[Data items]
"""
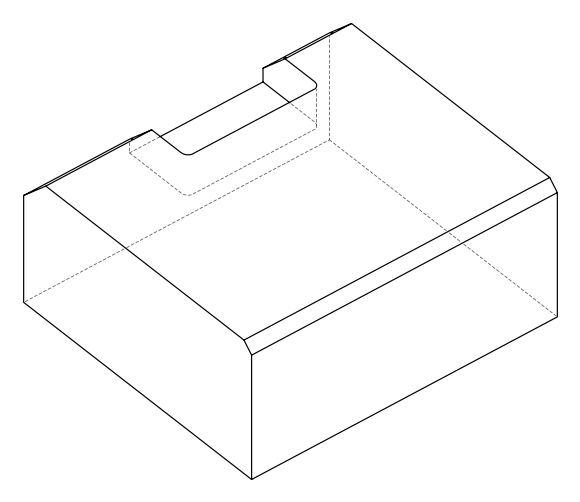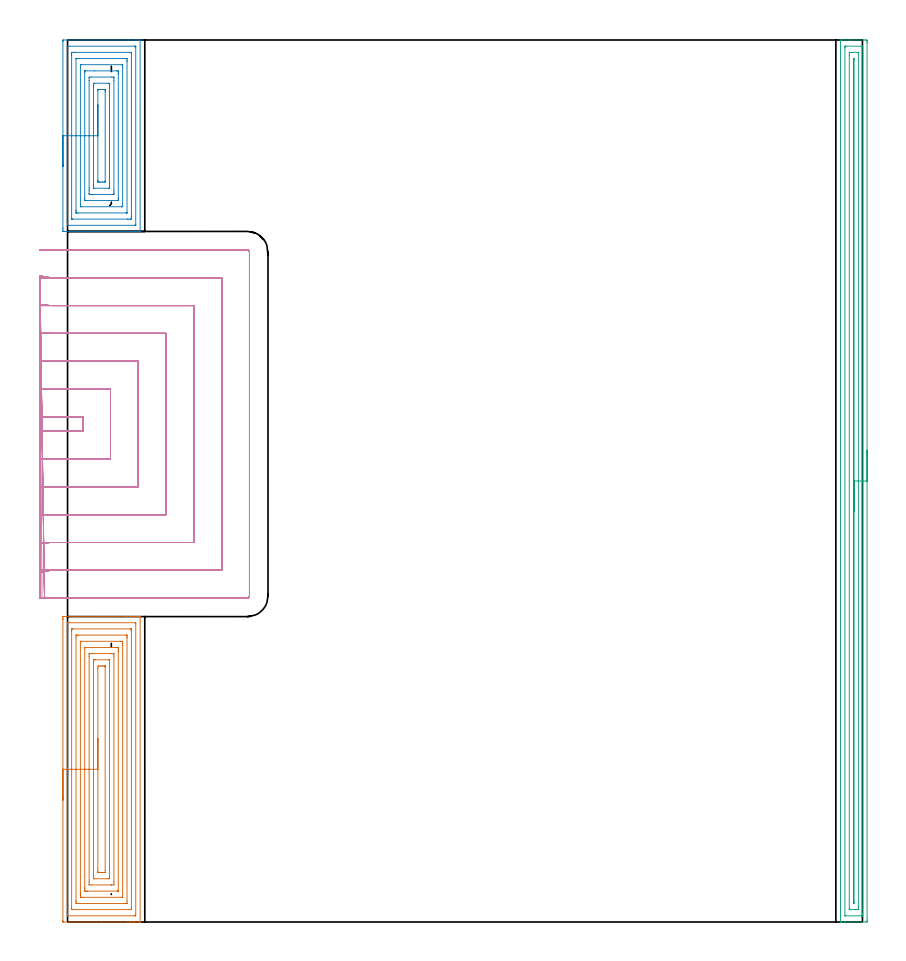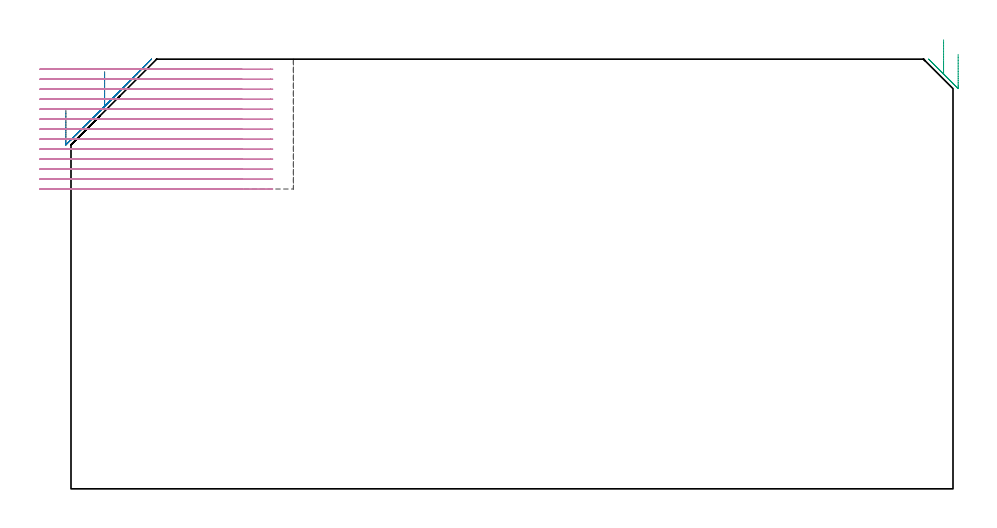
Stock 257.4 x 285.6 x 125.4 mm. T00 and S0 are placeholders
(PLAN: 4 operations, 1 tool changes, 66.8 min)
(1 AREA_MILL | FG_CHAMFER_SURFACE | UGT0205_001 | 7.55 min | 33499 mm3)
(2 AREA_MILL_1 | FG_CHAMFER_SURFACE_1 | UGT0205_001 | 4.9 min | 21965 mm3)
(3 AREA_MILL_2 | FG_CHAMFER_SURFACE_2 | UGT0205_001 | 9.29 min | 10566 mm3)
(4 MILL_SLOT | SLOT_PARTIAL_RECTANGULAR | NXT0201_011 | Follow Part, ap 3, ae 75% | 45.07 min | 300837 mm3)
(TOOL UGT0205_001 | Chamfer Mill 20 x 3 x 45 deg. | D20 FL50 Z2)
(TOOL NXT0201_011 | ENDMILL 12mm [2P460-1200-NA 1630] | D12 FL38 Z6)
(OP 1 AREA_MILL)
G17 G21 G94 G90
T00 M6
G54
G17 G0 G90 X-1.5 Y39.45 S1061 M3
G43 Z135.4 H0
Z110.4
G94 G1 Y39.488 Z109.528 F250.
Y39.602 Z108.663
Y39.791 Z107.812
Y40.053 Z106.98
Y40.387 Z106.174
Y40.79 Z105.4
Y41.259 Z104.664
Y41.79 Z103.972
Y42.379 Z103.329
Y43.022 Z102.74
Y43.714 Z102.208
Y44.45 Z101.74
Y45.224 Z101.337
Y46.03 Z101.003
Y46.862 Z100.741
Y47.714 Z100.552
Y48.578 Z100.438
Y49.45 Z100.4
Y97.983
X-1.499 Y98.343 Z100.401
X-1.493 Y98.865 Z100.403
X-1.491 Y98.893 Z100.405
X-0.973 Y98.9 Z100.924
X18.87 Z120.765
X19.425 Z121.319
X20.088 Z121.986
X20.312 Z122.209
X20.975 Z122.872
X21.199 Z123.095
X21.646 Z123.545
X22.525 Z124.424
X22.973 Z124.871
X23.235 Z125.133
X23.48 Y98.893 Z125.372
X23.497 Y98.89 Z125.389
X23.5 Y98.788 Z125.4
Y0.112
X23.497 Y0.01 Z125.389
X23.48 Y0.007 Z125.372
X23.234 Y0. Z125.132
X21.647 Z123.546
X21.199 Z123.095
X20.975 Z122.872
X20.312 Z122.209
X20.088 Z121.986
X19.425 Z121.319
X10.946 Z112.843
X-1.188 Z100.708
X-1.306 Y0.002 Z100.591
X-1.491 Y0.01 Z100.405
X-1.499 Y0.195 Z100.399
X-1.5 Y0.557 Z100.4
Y49.45
X-0.086 Z101.814
Y96.565
X-0.083 Y96.787 Z101.817
X-0.079 Y96.889 Z101.821
X0.133 Y96.896 Z102.033
X0.467 Y96.9 Z102.367
X21.958 Y96.899 Z123.858
X22.019 Y96.896 Z123.919
X22.079 Y96.889 Z123.979
X22.083 Y96.787 Z123.983
X22.086 Y96.565 Z123.986
Y2.335
X22.083 Y2.113 Z123.983
X22.079 Y2.011 Z123.979
X21.867 Y2.005 Z123.767
X21.533 Y2. Z123.433
X0.042 Y2.001 Z101.942
X-0.02 Y2.004 Z101.88
X-0.079 Y2.011 Z101.821
X-0.083 Y2.113 Z101.817
X-0.086 Y2.335 Z101.814
Y49.45
X1.328 Z103.228
X1.329 Y94.259 Z103.229
X1.331 Y94.787 Z103.231
X1.333 Y94.876 Z103.233
X1.334 Y94.89 Z103.234
X1.389 Y94.895 Z103.289
X1.463 Y94.898 Z103.363
X1.576 Y94.9 Z103.476
X20.312 Y94.899 Z122.212
X20.424 Y94.897 Z122.324
X20.647 Y94.89 Z122.547
X20.666 Y94.881 Z122.566
X20.668 Y94.869 Z122.568
X20.67 Y94.839 Z122.57
X20.671 Y94.787 Z122.571
X20.672 Y94.427 Z122.572
X20.671 Y4.641 Z122.571
X20.669 Y4.113 Z122.569
X20.667 Y4.024 Z122.567
X20.665 Y4.01 Z122.565
X20.611 Y4.005 Z122.511
X20.537 Y4.002 Z122.437
X20.424 Y4. Z122.324
X1.688 Y4.001 Z103.588
X1.576 Y4.003 Z103.476
X1.352 Y4.01 Z103.252
X1.334 Y4.019 Z103.234
X1.332 Y4.031 Z103.232
X1.329 Y4.061 Z103.229
Y4.113
X1.328 Y4.473 Z103.228
Y49.45
X2.743 Z104.643
Y92.121
X2.747 Y92.837 Z104.647
X2.749 Y92.881 Z104.649
X2.782 Y92.89 Z104.682
X2.878 Y92.895 Z104.778
X3.073 Y92.898 Z104.973
X3.462 Y92.9 Z105.362
X18.974 Y92.899 Z120.874
X19.137 Y92.897 Z121.037
X19.218 Y92.892 Z121.118
X19.251 Y92.888 Z121.151
X19.252 Y92.861 Z121.152
X19.257 Y92.289 Z121.157
Y92.121
Y6.779
X19.253 Y6.063 Z121.153
X19.251 Y6.019 Z121.151
X19.218 Y6.01 Z121.118
X19.121 Y6.005 Z121.021
X18.927 Y6.002 Z120.827
X18.538 Y6. Z120.438
X3.026 Y6.001 Z104.926
X2.863 Y6.003 Z104.763
X2.782 Y6.008 Z104.682
X2.749 Y6.012 Z104.649
X2.748 Y6.039 Z104.648
X2.743 Y6.611 Z104.643
Y6.779
Y49.45
X4.157 Z106.057
Y90.534
X4.159 Y90.727 Z106.059
X4.162 Y90.854 Z106.062
X4.164 Y90.891 Z106.064
X4.176 Y90.894 Z106.076
X4.209 Y90.897 Z106.109
X4.348 Y90.899 Z106.248
X17.096 Z118.996
X17.652 Y90.893 Z119.552
X17.83 Y90.89 Z119.73
X17.839 Y90.535 Z119.739
X17.842 Y90.343 Z119.742
X17.843 Y90.151 Z119.743
Y89.454
Y8.366
X17.841 Y8.173 Z119.741
X17.838 Y8.046 Z119.738
X17.836 Y8.009 Z119.736
X17.824 Y8.006 Z119.724
X17.79 Y8.003 Z119.69
X17.652 Y8.001 Z119.552
X4.904 Z106.804
X4.348 Y8.007 Z106.248
X4.17 Y8.01 Z106.07
X4.161 Y8.365 Z106.061
X4.158 Y8.557 Z106.058
X4.157 Y8.749 Z106.057
Y9.446
Y49.45
X5.571 Z107.471
X5.572 Y88.565 Z107.472
X5.573 Y88.841 Z107.473
X5.575 Y88.874 Z107.475
X5.577 Y88.885 Z107.477
X5.588 Y88.89 Z107.488
X5.676 Y88.896 Z107.576
X5.788 Y88.899 Z107.688
X15.544 Y88.9 Z117.444
X15.878 Y88.897 Z117.778
X16.212 Y88.892 Z118.112
X16.422 Y88.886 Z118.322
X16.425 Y88.749 Z118.325
X16.427 Y88.565 Z118.327
X16.429 Y88.012 Z118.329
Y87.676
X16.428 Y10.335 Z118.328
X16.427 Y10.059 Z118.327
X16.425 Y10.026 Z118.325
X16.423 Y10.015 Z118.323
X16.412 Y10.01 Z118.312
X16.324 Y10.004 Z118.224
X16.212 Y10.001 Z118.112
X6.456 Y10. Z108.356
X6.122 Y10.003 Z108.022
X5.788 Y10.008 Z107.688
X5.578 Y10.014 Z107.478
X5.575 Y10.151 Z107.475
X5.573 Y10.335 Z107.473
X5.571 Y10.888 Z107.471
Y11.224
Y49.45
X6.985 Z108.885
Y85.898
X6.989 Y86.787 Z108.889
X6.991 Y86.805 Z108.891
X7.009 Y86.89 Z108.909
X7.784 Y86.899 Z109.684
X7.896 Y86.9 Z109.796
X14.104 Z116.004
X14.882 Y86.896 Z116.782
X14.991 Y86.89 Z116.891
X15.01 Y86.787 Z116.91
X15.012 Y86.766 Z116.912
X15.015 Y85.898 Z116.915
Y13.002
X15.011 Y12.113 Z116.911
X15.009 Y12.095 Z116.909
X14.991 Y12.01 Z116.891
X14.216 Y12.001 Z116.116
X14.104 Y12. Z116.004
X7.896 Z109.796
X7.118 Y12.004 Z109.018
X7.009 Y12.01 Z108.909
X6.99 Y12.113 Z108.89
X6.988 Y12.134 Z108.888
X6.985 Y13.026 Z108.885
Y49.45
X8.399 Z110.299
X8.4 Y84.12 Z110.3
X8.402 Y84.502 Z110.302
X8.407 Y84.878 Z110.307
X8.783 Y84.896 Z110.683
X8.892 Y84.899 Z110.792
X13.326 Y84.9 Z115.226
X13.573 Y84.891 Z115.473
X13.594 Y84.887 Z115.494
X13.598 Y84.871 Z115.498
X13.6 Y84.843 Z115.5
Y14.78
X13.598 Y14.398 Z115.498
X13.593 Y14.021 Z115.493
X13.217 Y14.004 Z115.117
X13.108 Y14.001 Z115.008
X8.674 Z110.574
X8.427 Y14.009 Z110.327
X8.406 Y14.013 Z110.306
X8.402 Y14.029 Z110.302
X8.4 Y14.057 Z110.3
X8.399 Y49.45 Z110.299
X9.814 Z111.714
Y82.197
X9.821 Y82.89 Z111.721
X10.004 Y82.896 Z111.904
X10.557 Y82.899 Z112.457
X10.887 Y82.9 Z112.787
X11.443 Z113.343
X11.774 Z113.674
X12.115 Y82.897 Z114.015
X12.149 Y82.894 Z114.049
X12.171 Y82.891 Z114.071
X12.179 Y82.876 Z114.079
X12.182 Y82.748 Z114.082
X12.185 Y82.487 Z114.085
X12.186 Y16.703 Z114.086
X12.179 Y16.01 Z114.079
X11.996 Y16.004 Z113.896
X11.443 Y16.001 Z113.343
X11.113 Y16. Z113.013
X10.557 Z112.457
X10.226 Z112.126
X9.885 Y16.003 Z111.785
X9.851 Y16.006 Z111.751
X9.829 Y16.009 Z111.729
X9.821 Y16.025 Z111.721
X9.818 Y16.152 Z111.718
X9.814 Y16.413 Z111.714
Y49.45
Y50.322 Z111.752
Y51.187 Z111.866
Y52.038 Z112.054
Y52.87 Z112.317
Y53.676 Z112.651
Y54.45 Z113.053
Y55.186 Z113.522
Y55.878 Z114.053
Y56.521 Z114.643
Y57.11 Z115.286
Y57.642 Z115.978
Y58.11 Z116.714
Y58.513 Z117.488
Y58.847 Z118.294
Y59.109 Z119.126
Y59.298 Z119.977
Y59.412 Z120.842
Y59.45 Z121.714
G0 Z135.4
M5
M2
(OP 2 AREA_MILL_1)
G17 G21 G94 G90
T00 M6
G54
G17 G0 G90 X-1.5 Y244.6 S1061 M3
G43 Z135.4 H0
Z110.4
G94 G1 Y244.638 Z109.528 F250.
Y244.752 Z108.663
Y244.941 Z107.812
Y245.203 Z106.98
Y245.537 Z106.174
Y245.94 Z105.4
Y246.409 Z104.664
Y246.94 Z103.972
Y247.529 Z103.329
Y248.172 Z102.74
Y248.864 Z102.208
Y249.6 Z101.74
Y250.374 Z101.337
Y251.18 Z101.003
Y252.012 Z100.741
Y252.864 Z100.552
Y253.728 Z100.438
"""
Work request. Starting at the first line of the records and stopping after the line with "X0.467 Y96.9 Z102.367", copy each line exactly; pictures stay out.

Finished task.
Stock 257.4 x 285.6 x 125.4 mm. T00 and S0 are placeholders
(PLAN: 4 operations, 1 tool changes, 66.8 min)
(1 AREA_MILL | FG_CHAMFER_SURFACE | UGT0205_001 | 7.55 min | 33499 mm3)
(2 AREA_MILL_1 | FG_CHAMFER_SURFACE_1 | UGT0205_001 | 4.9 min | 21965 mm3)
(3 AREA_MILL_2 | FG_CHAMFER_SURFACE_2 | UGT0205_001 | 9.29 min | 10566 mm3)
(4 MILL_SLOT | SLOT_PARTIAL_RECTANGULAR | NXT0201_011 | Follow Part, ap 3, ae 75% | 45.07 min | 300837 mm3)
(TOOL UGT0205_001 | Chamfer Mill 20 x 3 x 45 deg. | D20 FL50 Z2)
(TOOL NXT0201_011 | ENDMILL 12mm [2P460-1200-NA 1630] | D12 FL38 Z6)
(OP 1 AREA_MILL)
G17 G21 G94 G90
T00 M6
G54
G17 G0 G90 X-1.5 Y39.45 S1061 M3
G43 Z135.4 H0
Z110.4
G94 G1 Y39.488 Z109.528 F250.
Y39.602 Z108.663
Y39.791 Z107.812
Y40.053 Z106.98
Y40.387 Z106.174
Y40.79 Z105.4
Y41.259 Z104.664
Y41.79 Z103.972
Y42.379 Z103.329
Y43.022 Z102.74
Y43.714 Z102.208
Y44.45 Z101.74
Y45.224 Z101.337
Y46.03 Z101.003
Y46.862 Z100.741
Y47.714 Z100.552
Y48.578 Z100.438
Y49.45 Z100.4
Y97.983
X-1.499 Y98.343 Z100.401
X-1.493 Y98.865 Z100.403
X-1.491 Y98.893 Z100.405
X-0.973 Y98.9 Z100.924
X18.87 Z120.765
X19.425 Z121.319
X20.088 Z121.986
X20.312 Z122.209
X20.975 Z122.872
X21.199 Z123.095
X21.646 Z123.545
X22.525 Z124.424
X22.973 Z124.871
X23.235 Z125.133
X23.48 Y98.893 Z125.372
X23.497 Y98.89 Z125.389
X23.5 Y98.788 Z125.4
Y0.112
X23.497 Y0.01 Z125.389
X23.48 Y0.007 Z125.372
X23.234 Y0. Z125.132
X21.647 Z123.546
X21.199 Z123.095
X20.975 Z122.872
X20.312 Z122.209
X20.088 Z121.986
X19.425 Z121.319
X10.946 Z112.843
X-1.188 Z100.708
X-1.306 Y0.002 Z100.591
X-1.491 Y0.01 Z100.405
X-1.499 Y0.195 Z100.399
X-1.5 Y0.557 Z100.4
Y49.45
X-0.086 Z101.814
Y96.565
X-0.083 Y96.787 Z101.817
X-0.079 Y96.889 Z101.821
X0.133 Y96.896 Z102.033
X0.467 Y96.9 Z102.367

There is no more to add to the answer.